[Items listed in a dataset]
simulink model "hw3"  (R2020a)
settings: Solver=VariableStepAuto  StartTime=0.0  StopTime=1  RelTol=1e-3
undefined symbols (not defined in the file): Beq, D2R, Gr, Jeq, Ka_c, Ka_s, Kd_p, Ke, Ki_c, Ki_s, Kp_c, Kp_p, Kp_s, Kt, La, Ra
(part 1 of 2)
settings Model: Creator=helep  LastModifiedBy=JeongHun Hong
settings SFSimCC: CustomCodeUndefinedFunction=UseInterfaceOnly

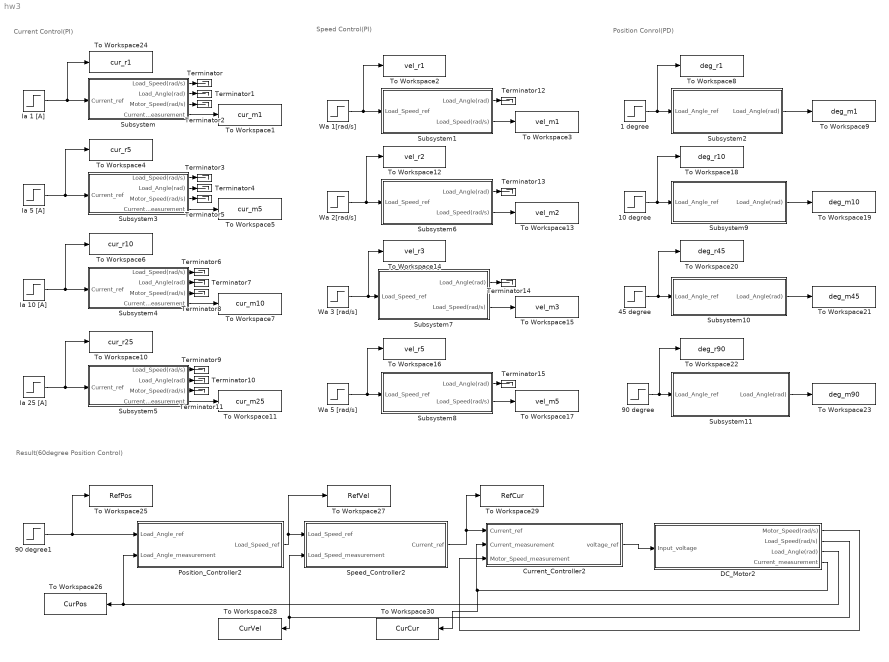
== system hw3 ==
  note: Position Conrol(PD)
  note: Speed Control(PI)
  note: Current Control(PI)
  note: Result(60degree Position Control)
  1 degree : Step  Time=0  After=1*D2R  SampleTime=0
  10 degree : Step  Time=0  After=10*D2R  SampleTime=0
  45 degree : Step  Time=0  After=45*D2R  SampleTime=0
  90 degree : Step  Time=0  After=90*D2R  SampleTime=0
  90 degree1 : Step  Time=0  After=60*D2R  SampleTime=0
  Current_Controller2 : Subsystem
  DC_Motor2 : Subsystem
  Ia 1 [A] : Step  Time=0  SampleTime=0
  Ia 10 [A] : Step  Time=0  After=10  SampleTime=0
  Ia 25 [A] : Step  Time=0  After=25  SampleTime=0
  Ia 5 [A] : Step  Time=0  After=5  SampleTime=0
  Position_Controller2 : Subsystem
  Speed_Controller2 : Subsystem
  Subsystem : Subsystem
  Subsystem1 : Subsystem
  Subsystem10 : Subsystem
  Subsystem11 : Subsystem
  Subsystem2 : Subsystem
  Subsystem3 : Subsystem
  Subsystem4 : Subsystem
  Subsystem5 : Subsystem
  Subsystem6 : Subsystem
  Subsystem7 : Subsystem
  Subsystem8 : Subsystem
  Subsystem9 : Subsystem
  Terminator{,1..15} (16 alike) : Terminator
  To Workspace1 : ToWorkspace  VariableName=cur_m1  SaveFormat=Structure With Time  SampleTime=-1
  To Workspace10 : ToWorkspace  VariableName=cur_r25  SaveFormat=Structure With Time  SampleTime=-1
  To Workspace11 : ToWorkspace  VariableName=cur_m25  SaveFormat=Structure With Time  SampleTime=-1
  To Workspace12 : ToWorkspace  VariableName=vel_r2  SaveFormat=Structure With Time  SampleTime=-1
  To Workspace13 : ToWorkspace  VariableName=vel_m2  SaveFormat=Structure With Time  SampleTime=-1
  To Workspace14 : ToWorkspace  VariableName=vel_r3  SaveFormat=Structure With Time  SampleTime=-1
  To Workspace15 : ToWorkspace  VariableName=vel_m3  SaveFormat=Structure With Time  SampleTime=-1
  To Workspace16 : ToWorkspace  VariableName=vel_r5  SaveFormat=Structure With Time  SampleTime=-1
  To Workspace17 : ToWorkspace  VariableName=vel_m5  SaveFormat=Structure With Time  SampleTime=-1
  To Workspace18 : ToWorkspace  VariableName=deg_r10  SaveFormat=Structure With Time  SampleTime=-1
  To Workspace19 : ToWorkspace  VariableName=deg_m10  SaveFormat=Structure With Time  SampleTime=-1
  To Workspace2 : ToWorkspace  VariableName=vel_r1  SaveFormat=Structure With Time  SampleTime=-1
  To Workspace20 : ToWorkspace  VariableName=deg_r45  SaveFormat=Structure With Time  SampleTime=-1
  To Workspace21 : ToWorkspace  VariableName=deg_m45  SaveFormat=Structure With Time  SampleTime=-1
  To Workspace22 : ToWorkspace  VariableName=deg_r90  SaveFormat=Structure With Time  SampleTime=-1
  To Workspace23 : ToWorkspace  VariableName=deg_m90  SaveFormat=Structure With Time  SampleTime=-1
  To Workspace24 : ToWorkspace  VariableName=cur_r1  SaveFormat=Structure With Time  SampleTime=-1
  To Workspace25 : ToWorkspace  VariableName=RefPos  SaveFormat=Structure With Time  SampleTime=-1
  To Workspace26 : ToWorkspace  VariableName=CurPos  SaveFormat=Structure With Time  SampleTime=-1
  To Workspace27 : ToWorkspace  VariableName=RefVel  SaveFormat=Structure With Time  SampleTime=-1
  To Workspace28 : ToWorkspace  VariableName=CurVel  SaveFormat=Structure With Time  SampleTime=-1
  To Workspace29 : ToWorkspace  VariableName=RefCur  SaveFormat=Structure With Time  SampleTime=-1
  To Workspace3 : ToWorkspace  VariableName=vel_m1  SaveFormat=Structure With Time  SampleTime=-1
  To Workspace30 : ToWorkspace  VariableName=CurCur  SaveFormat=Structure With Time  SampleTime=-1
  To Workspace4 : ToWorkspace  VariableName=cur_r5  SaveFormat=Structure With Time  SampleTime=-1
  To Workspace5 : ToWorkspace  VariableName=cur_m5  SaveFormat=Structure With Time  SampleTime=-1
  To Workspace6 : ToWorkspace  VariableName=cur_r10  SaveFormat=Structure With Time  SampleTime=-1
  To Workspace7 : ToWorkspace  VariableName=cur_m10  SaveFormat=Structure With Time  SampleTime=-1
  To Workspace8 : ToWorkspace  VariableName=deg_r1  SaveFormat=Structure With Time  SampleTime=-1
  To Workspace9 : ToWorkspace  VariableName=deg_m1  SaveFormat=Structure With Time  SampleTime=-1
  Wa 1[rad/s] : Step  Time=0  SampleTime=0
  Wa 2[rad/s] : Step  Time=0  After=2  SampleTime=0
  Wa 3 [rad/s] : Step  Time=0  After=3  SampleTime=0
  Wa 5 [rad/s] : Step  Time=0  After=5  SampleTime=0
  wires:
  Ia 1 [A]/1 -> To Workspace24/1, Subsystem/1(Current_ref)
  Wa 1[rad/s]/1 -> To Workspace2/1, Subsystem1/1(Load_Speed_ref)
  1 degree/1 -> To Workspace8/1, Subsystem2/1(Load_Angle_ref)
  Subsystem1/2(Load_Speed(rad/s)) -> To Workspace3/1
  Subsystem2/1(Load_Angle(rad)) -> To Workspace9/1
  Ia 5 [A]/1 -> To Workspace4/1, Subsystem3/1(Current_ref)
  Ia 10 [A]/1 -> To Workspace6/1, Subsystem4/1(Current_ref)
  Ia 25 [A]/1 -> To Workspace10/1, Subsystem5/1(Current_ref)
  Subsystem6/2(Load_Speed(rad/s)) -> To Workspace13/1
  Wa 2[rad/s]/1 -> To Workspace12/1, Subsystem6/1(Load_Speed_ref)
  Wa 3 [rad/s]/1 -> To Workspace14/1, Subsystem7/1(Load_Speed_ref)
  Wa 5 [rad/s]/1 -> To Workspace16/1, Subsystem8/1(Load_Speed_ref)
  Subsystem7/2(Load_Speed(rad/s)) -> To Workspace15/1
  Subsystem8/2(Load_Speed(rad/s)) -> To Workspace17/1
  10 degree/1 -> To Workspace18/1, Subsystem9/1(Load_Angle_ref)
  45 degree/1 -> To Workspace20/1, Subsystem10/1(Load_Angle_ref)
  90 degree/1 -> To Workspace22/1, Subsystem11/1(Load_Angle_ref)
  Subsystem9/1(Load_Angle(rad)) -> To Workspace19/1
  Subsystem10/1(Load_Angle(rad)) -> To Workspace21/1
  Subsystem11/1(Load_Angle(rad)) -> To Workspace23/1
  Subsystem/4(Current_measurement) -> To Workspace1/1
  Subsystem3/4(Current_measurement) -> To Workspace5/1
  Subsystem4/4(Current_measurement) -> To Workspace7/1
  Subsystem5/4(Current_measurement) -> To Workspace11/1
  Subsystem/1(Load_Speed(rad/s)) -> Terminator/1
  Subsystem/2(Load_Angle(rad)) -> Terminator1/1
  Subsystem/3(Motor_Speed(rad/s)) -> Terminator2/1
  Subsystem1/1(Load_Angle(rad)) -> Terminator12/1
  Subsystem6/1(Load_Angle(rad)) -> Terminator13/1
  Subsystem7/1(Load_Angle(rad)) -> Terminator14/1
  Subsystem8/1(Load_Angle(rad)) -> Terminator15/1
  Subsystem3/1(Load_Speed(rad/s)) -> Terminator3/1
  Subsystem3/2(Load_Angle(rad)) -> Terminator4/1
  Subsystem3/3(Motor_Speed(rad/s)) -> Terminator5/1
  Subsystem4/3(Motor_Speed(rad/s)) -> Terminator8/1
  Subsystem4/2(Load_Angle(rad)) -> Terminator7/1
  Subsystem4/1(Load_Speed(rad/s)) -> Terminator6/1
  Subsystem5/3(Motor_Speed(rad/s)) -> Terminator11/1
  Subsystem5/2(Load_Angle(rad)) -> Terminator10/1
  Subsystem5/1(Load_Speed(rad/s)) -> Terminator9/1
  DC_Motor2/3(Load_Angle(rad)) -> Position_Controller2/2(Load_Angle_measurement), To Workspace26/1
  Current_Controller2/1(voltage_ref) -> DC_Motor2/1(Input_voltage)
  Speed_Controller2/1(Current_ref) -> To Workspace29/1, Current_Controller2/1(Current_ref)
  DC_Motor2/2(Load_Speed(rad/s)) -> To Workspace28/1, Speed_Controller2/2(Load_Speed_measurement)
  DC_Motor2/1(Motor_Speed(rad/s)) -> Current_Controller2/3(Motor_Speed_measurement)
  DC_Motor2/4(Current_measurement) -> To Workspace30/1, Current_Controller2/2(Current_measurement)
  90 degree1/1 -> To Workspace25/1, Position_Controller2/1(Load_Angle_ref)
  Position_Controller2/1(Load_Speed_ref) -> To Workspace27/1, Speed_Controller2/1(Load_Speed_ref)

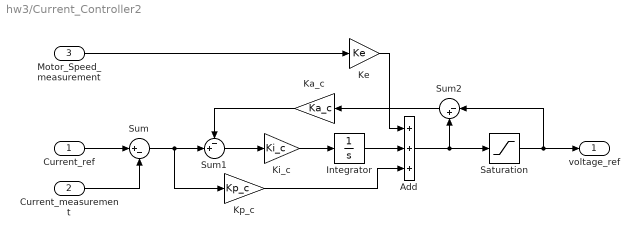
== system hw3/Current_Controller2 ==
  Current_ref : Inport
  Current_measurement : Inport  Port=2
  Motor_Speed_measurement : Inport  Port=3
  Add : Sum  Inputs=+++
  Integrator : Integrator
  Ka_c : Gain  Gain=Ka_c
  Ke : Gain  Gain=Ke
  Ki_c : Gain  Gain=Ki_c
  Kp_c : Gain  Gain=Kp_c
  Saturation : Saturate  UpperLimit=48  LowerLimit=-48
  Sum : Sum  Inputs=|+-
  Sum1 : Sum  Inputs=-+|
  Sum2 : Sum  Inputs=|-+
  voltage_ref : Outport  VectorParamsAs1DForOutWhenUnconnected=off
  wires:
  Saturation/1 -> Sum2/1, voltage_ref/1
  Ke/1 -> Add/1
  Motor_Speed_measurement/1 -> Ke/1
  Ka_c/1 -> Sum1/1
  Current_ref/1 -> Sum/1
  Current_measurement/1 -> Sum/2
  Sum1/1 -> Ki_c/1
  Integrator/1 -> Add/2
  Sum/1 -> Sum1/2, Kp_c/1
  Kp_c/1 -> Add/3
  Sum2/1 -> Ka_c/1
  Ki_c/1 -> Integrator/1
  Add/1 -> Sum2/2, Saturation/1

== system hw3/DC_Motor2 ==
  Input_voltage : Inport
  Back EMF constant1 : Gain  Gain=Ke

## EXERCISE DESCRIPTION
Your answer must be the lines from the first line of the records through the line containing "settings Model: Creator=helep", copied exactly.

## EXERCISE OUTPUT
simulink model "hw3"  (R2020a)
settings: Solver=VariableStepAuto  StartTime=0.0  StopTime=1  RelTol=1e-3
undefined symbols (not defined in the file): Beq, D2R, Gr, Jeq, Ka_c, Ka_s, Kd_p, Ke, Ki_c, Ki_s, Kp_c, Kp_p, Kp_s, Kt, La, Ra
(part 1 of 2)
settings Model: Creator=helep  LastModifiedBy=JeongHun Hong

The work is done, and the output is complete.